The Play Store will only offer you apps that are compatible with the version of Android you have, and apps list which versions of Android they support.


----------



## JayDL (Oct 6, 2016)

It's disappointing that not all AV programs, even though they are tested by an independent body, treat threats equally. I wonder though if mcafee AV/S was built from the ground up, or assembled from libraries, especially since migrating from another platforms in the computer world, just to get market share in the mobile phone sector. Ironically since my previous problems with the mcafee software, they have sent me an email asking if I would like to upgrade! Including fingerprint recognition, even I couldn't mess that one up, but maybe depending if I forgot which finger I used... 

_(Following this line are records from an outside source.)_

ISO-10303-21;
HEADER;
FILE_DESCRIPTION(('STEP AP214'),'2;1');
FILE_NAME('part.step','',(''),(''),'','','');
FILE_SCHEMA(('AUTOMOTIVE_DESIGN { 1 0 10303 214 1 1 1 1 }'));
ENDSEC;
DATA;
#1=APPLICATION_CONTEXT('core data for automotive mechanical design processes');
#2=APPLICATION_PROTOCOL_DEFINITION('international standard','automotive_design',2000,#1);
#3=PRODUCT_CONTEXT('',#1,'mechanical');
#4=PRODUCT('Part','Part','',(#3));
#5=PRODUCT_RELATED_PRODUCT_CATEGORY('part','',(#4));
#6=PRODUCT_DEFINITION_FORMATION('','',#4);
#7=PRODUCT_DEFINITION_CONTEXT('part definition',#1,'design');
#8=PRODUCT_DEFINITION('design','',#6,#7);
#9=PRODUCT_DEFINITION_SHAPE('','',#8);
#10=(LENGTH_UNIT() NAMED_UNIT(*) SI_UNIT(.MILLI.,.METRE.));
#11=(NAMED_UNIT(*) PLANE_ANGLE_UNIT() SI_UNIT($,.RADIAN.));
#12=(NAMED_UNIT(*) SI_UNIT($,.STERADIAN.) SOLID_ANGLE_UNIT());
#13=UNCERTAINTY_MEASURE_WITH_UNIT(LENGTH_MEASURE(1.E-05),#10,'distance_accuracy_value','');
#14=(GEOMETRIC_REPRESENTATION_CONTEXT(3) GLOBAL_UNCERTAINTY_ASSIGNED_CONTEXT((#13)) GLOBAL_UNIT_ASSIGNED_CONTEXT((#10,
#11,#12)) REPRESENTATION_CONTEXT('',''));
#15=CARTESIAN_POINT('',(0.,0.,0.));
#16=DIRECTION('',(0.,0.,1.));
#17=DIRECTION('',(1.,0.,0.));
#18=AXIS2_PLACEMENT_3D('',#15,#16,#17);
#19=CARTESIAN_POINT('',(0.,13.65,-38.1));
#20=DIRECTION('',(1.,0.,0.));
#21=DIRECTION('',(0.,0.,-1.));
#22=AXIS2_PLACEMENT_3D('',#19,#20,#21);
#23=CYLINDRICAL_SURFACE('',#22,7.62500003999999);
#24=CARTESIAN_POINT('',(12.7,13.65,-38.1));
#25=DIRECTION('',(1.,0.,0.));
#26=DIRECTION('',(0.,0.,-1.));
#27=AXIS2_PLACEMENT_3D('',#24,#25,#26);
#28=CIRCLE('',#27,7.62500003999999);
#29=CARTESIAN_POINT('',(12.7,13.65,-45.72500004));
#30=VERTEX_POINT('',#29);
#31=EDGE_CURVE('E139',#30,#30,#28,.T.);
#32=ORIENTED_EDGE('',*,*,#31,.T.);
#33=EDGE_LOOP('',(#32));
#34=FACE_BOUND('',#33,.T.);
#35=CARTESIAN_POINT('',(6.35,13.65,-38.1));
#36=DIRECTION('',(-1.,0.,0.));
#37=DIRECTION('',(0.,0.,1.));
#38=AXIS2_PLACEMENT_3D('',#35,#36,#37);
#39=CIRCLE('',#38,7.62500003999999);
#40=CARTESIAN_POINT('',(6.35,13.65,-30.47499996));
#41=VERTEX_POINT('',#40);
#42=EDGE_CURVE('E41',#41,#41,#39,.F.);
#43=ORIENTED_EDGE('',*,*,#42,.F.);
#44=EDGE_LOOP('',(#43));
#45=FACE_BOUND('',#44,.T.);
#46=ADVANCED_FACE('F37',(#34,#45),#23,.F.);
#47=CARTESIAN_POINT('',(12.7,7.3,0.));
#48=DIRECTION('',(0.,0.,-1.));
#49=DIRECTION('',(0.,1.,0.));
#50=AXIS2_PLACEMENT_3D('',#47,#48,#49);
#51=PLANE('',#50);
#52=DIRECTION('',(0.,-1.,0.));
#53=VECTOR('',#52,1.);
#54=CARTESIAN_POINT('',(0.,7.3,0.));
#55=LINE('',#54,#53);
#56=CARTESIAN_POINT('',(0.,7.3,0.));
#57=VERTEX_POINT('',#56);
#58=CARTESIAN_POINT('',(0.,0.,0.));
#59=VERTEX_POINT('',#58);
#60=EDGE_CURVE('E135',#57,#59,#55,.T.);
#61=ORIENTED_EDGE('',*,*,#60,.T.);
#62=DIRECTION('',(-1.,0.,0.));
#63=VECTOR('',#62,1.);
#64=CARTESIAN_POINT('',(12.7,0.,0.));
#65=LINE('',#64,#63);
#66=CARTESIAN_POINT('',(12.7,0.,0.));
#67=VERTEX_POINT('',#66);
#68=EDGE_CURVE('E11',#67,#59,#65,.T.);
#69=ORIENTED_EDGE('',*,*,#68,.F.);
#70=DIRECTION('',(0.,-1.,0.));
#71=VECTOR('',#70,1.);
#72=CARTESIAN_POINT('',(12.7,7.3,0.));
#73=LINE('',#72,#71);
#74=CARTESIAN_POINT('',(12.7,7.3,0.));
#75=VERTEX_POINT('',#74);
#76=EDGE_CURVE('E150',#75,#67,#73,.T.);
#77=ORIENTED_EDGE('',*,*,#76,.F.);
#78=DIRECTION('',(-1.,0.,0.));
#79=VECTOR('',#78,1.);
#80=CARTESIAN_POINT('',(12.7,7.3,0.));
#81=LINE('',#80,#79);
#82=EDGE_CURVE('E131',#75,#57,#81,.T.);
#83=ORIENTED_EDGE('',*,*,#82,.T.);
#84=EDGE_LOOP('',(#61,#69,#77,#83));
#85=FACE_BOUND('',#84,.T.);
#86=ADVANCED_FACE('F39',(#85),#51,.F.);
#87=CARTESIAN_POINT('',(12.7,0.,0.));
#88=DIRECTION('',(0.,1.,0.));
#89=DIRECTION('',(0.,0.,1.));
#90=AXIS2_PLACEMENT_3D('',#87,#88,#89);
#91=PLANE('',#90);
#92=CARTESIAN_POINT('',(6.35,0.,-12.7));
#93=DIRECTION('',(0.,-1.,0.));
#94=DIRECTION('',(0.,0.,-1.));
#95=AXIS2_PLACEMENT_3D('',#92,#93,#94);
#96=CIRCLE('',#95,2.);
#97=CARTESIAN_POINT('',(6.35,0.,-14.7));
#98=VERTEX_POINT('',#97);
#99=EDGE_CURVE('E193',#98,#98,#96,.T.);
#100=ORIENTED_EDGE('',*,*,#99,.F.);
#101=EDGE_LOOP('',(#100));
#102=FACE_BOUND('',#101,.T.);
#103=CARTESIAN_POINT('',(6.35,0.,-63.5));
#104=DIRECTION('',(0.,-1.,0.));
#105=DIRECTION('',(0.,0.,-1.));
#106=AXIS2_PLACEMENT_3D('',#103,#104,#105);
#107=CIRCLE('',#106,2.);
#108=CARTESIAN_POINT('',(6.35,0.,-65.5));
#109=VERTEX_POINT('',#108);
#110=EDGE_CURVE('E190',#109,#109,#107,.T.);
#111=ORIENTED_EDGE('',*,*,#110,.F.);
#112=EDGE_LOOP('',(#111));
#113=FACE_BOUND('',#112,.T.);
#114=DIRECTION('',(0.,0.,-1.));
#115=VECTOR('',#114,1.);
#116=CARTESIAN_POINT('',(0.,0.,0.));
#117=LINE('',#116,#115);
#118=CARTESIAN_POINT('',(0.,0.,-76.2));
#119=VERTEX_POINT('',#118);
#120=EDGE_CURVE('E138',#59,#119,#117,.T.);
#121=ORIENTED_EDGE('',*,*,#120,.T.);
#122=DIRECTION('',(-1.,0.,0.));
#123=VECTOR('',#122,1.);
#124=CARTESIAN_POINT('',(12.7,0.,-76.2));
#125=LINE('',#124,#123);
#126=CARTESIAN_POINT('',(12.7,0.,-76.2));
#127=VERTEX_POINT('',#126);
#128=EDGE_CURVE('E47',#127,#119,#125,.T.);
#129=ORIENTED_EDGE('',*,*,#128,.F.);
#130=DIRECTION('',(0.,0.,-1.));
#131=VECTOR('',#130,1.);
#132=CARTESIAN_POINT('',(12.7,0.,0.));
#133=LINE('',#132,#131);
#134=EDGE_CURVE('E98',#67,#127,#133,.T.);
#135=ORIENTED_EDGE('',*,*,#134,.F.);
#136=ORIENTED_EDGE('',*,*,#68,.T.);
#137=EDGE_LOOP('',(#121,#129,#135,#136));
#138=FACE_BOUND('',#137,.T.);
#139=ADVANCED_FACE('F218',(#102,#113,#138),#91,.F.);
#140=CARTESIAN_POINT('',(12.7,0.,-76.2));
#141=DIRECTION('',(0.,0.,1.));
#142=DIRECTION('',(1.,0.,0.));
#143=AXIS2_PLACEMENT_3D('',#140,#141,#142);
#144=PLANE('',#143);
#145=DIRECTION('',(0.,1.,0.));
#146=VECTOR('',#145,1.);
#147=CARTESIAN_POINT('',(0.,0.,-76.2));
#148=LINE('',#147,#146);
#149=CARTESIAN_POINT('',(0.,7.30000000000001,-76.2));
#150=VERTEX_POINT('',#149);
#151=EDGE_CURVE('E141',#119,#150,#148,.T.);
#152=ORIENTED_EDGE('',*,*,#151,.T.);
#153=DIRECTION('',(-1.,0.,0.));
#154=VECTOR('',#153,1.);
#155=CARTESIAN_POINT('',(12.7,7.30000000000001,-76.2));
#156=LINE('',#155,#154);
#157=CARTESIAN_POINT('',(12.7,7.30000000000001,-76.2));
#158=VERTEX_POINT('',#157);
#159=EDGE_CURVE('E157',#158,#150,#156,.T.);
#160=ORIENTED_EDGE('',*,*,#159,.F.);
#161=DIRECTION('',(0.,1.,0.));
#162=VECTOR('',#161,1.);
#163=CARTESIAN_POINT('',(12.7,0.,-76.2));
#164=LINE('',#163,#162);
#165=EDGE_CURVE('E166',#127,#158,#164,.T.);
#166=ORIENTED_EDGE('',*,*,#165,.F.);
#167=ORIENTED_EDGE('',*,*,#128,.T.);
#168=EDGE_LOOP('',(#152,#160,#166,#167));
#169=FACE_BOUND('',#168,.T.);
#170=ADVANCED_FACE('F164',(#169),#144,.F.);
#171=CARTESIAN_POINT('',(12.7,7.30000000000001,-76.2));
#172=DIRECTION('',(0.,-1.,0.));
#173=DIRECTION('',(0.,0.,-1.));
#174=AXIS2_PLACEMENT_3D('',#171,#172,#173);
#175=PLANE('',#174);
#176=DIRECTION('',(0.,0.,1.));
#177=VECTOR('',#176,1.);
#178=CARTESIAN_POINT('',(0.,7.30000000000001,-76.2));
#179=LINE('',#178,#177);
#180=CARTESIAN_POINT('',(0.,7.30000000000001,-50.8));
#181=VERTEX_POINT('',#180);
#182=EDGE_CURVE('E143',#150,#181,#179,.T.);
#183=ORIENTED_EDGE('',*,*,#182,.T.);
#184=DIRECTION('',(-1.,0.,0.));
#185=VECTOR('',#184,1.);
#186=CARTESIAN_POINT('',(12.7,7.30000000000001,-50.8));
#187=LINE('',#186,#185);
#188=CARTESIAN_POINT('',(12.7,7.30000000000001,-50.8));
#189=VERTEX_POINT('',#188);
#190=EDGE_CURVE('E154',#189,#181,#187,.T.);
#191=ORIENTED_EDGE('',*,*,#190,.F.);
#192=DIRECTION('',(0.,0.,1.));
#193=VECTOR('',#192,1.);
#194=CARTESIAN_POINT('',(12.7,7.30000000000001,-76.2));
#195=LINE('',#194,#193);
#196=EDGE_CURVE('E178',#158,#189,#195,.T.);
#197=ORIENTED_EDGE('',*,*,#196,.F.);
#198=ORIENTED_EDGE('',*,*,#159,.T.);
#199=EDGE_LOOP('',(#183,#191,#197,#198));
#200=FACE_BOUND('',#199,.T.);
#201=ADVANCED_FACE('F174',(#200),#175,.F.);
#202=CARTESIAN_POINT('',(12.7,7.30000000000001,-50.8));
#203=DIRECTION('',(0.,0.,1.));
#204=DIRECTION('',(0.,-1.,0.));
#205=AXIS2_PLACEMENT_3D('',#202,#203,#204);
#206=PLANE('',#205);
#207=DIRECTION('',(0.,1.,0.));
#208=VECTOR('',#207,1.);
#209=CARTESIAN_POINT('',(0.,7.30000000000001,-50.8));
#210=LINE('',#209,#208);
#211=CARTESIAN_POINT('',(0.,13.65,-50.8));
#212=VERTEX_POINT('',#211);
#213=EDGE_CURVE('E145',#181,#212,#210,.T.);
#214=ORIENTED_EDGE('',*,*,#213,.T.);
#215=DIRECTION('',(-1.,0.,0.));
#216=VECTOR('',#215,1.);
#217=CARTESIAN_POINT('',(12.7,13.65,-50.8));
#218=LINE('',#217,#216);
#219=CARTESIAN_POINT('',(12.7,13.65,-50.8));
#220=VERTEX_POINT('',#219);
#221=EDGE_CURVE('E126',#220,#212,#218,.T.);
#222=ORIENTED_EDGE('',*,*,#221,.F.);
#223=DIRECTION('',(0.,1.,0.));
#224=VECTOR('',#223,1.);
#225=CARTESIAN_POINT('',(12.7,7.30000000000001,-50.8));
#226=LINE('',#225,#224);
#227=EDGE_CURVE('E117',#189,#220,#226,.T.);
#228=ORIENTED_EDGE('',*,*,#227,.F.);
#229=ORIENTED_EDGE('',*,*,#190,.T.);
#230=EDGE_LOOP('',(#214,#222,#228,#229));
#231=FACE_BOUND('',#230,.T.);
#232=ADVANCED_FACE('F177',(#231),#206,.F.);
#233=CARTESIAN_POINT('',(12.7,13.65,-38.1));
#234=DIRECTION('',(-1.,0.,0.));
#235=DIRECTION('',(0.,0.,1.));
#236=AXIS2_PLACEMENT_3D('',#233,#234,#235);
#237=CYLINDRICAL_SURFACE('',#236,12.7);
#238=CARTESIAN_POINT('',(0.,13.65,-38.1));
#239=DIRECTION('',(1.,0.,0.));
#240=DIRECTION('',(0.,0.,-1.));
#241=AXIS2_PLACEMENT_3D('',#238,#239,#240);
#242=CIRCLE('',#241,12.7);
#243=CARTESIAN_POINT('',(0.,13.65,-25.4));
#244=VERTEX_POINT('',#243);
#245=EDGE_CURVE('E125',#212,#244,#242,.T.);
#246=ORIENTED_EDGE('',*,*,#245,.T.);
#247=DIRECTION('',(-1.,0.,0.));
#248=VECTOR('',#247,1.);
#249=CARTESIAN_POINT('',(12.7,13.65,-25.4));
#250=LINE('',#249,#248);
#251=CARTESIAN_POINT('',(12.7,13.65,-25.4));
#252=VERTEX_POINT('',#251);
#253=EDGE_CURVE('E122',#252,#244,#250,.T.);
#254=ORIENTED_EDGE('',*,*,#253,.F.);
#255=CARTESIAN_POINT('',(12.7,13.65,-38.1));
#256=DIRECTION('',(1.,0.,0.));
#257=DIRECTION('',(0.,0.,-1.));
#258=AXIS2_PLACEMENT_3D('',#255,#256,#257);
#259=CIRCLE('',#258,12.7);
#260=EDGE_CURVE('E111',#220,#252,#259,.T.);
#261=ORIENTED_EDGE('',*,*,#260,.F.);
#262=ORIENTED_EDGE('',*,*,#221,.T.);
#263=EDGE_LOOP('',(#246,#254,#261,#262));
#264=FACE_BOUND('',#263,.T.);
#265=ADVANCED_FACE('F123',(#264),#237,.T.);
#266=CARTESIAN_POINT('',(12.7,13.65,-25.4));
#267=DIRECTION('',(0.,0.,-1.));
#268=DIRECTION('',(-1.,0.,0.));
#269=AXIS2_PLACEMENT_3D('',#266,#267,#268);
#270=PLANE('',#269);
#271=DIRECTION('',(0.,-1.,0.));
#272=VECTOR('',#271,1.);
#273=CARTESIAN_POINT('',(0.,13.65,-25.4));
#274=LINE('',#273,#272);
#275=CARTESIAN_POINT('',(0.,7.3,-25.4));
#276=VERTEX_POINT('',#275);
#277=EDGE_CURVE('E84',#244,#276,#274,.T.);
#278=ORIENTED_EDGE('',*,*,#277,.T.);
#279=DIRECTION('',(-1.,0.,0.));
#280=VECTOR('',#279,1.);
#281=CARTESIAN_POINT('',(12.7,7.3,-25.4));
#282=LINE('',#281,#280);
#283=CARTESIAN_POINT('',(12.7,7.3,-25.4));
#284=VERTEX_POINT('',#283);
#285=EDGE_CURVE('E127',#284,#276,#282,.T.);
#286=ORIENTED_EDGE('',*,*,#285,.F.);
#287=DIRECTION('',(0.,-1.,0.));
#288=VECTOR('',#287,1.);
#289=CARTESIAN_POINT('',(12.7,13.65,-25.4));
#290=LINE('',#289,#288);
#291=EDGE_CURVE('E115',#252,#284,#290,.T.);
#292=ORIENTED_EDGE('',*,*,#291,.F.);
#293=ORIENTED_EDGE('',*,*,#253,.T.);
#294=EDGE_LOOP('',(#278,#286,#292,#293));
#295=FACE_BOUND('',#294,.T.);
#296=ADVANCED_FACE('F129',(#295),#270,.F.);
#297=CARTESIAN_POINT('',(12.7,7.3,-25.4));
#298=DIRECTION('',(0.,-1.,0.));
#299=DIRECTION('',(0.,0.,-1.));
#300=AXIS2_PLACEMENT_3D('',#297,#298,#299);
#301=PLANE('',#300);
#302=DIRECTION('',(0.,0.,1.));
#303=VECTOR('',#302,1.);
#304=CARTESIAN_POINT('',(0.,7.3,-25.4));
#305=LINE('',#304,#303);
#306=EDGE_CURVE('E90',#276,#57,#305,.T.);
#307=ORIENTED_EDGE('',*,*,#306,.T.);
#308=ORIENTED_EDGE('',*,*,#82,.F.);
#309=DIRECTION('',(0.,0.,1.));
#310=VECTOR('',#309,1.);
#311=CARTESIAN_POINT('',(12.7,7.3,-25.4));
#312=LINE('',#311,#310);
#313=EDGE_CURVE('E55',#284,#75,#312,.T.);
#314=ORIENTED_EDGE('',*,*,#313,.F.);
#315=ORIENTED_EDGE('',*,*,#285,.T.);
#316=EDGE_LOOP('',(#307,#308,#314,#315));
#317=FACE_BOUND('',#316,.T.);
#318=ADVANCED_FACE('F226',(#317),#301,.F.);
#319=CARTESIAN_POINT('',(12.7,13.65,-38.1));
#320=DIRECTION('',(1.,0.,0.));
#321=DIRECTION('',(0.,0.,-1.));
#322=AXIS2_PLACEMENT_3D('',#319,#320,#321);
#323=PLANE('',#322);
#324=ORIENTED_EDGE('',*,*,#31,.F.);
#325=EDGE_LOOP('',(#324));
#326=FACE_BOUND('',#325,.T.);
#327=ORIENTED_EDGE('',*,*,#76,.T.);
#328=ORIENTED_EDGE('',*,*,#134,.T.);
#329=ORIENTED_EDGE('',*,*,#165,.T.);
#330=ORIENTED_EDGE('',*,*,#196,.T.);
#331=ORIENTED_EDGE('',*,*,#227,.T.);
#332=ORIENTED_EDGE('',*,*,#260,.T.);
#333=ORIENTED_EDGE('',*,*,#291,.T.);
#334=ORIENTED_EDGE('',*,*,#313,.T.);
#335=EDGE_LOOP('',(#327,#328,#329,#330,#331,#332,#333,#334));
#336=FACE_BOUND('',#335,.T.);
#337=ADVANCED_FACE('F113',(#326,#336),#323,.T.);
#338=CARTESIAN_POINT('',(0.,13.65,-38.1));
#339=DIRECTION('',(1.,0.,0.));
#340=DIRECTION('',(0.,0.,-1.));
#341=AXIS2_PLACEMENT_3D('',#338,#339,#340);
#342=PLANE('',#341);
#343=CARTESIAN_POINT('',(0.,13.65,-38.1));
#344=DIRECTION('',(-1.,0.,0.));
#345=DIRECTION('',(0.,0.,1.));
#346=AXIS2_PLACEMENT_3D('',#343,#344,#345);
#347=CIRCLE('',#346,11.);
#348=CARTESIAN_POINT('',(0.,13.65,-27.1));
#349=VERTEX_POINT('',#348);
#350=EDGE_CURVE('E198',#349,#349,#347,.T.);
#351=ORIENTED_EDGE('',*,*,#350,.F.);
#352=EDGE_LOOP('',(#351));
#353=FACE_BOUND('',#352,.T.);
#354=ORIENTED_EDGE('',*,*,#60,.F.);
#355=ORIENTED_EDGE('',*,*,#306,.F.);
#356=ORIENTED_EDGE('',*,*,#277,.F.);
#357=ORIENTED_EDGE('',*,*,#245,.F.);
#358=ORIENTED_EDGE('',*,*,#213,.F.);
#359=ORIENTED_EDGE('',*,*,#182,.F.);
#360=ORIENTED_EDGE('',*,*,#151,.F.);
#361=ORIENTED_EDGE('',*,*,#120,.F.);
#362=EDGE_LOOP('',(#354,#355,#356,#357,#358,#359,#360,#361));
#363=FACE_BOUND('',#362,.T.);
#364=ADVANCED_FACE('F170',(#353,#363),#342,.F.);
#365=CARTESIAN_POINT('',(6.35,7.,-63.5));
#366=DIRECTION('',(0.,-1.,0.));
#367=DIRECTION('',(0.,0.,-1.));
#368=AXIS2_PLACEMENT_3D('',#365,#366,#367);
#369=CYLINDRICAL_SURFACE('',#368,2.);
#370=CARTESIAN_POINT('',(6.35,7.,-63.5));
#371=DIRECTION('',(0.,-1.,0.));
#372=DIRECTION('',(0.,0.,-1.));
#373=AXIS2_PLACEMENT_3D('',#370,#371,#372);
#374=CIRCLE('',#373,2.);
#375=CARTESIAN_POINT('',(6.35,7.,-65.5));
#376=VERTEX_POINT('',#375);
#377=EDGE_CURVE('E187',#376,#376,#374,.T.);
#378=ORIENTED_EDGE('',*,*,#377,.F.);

When software is pre installed and over time as the device OS gets older, they are then not always optimized, even with patches and updates. Good software is combining code and hardware together. As my phone ages with my current OS that can't be upgraded, newer applications struggle with the ram and processor requirements. Just because it may say a particular OS may suit an application downloaded from "google play" unless hardware considerations also are taken into account, then they are not going to behave, as designed. I've now trimmed down and reinstalled some applications just incase there are traces of the Trojan left, and will in future think of file size, ram, processor, so the old girl keeps going. I've had this Sony for almost 3yrs now, one of my longest lasting, it was engineered well in the beginning, I hope I have her a little while longer, the only thing that will probably finish her, will be the battery, it can only take so many charge/discharge cycles...


----------



## TonyB25 (Jan 1, 1970)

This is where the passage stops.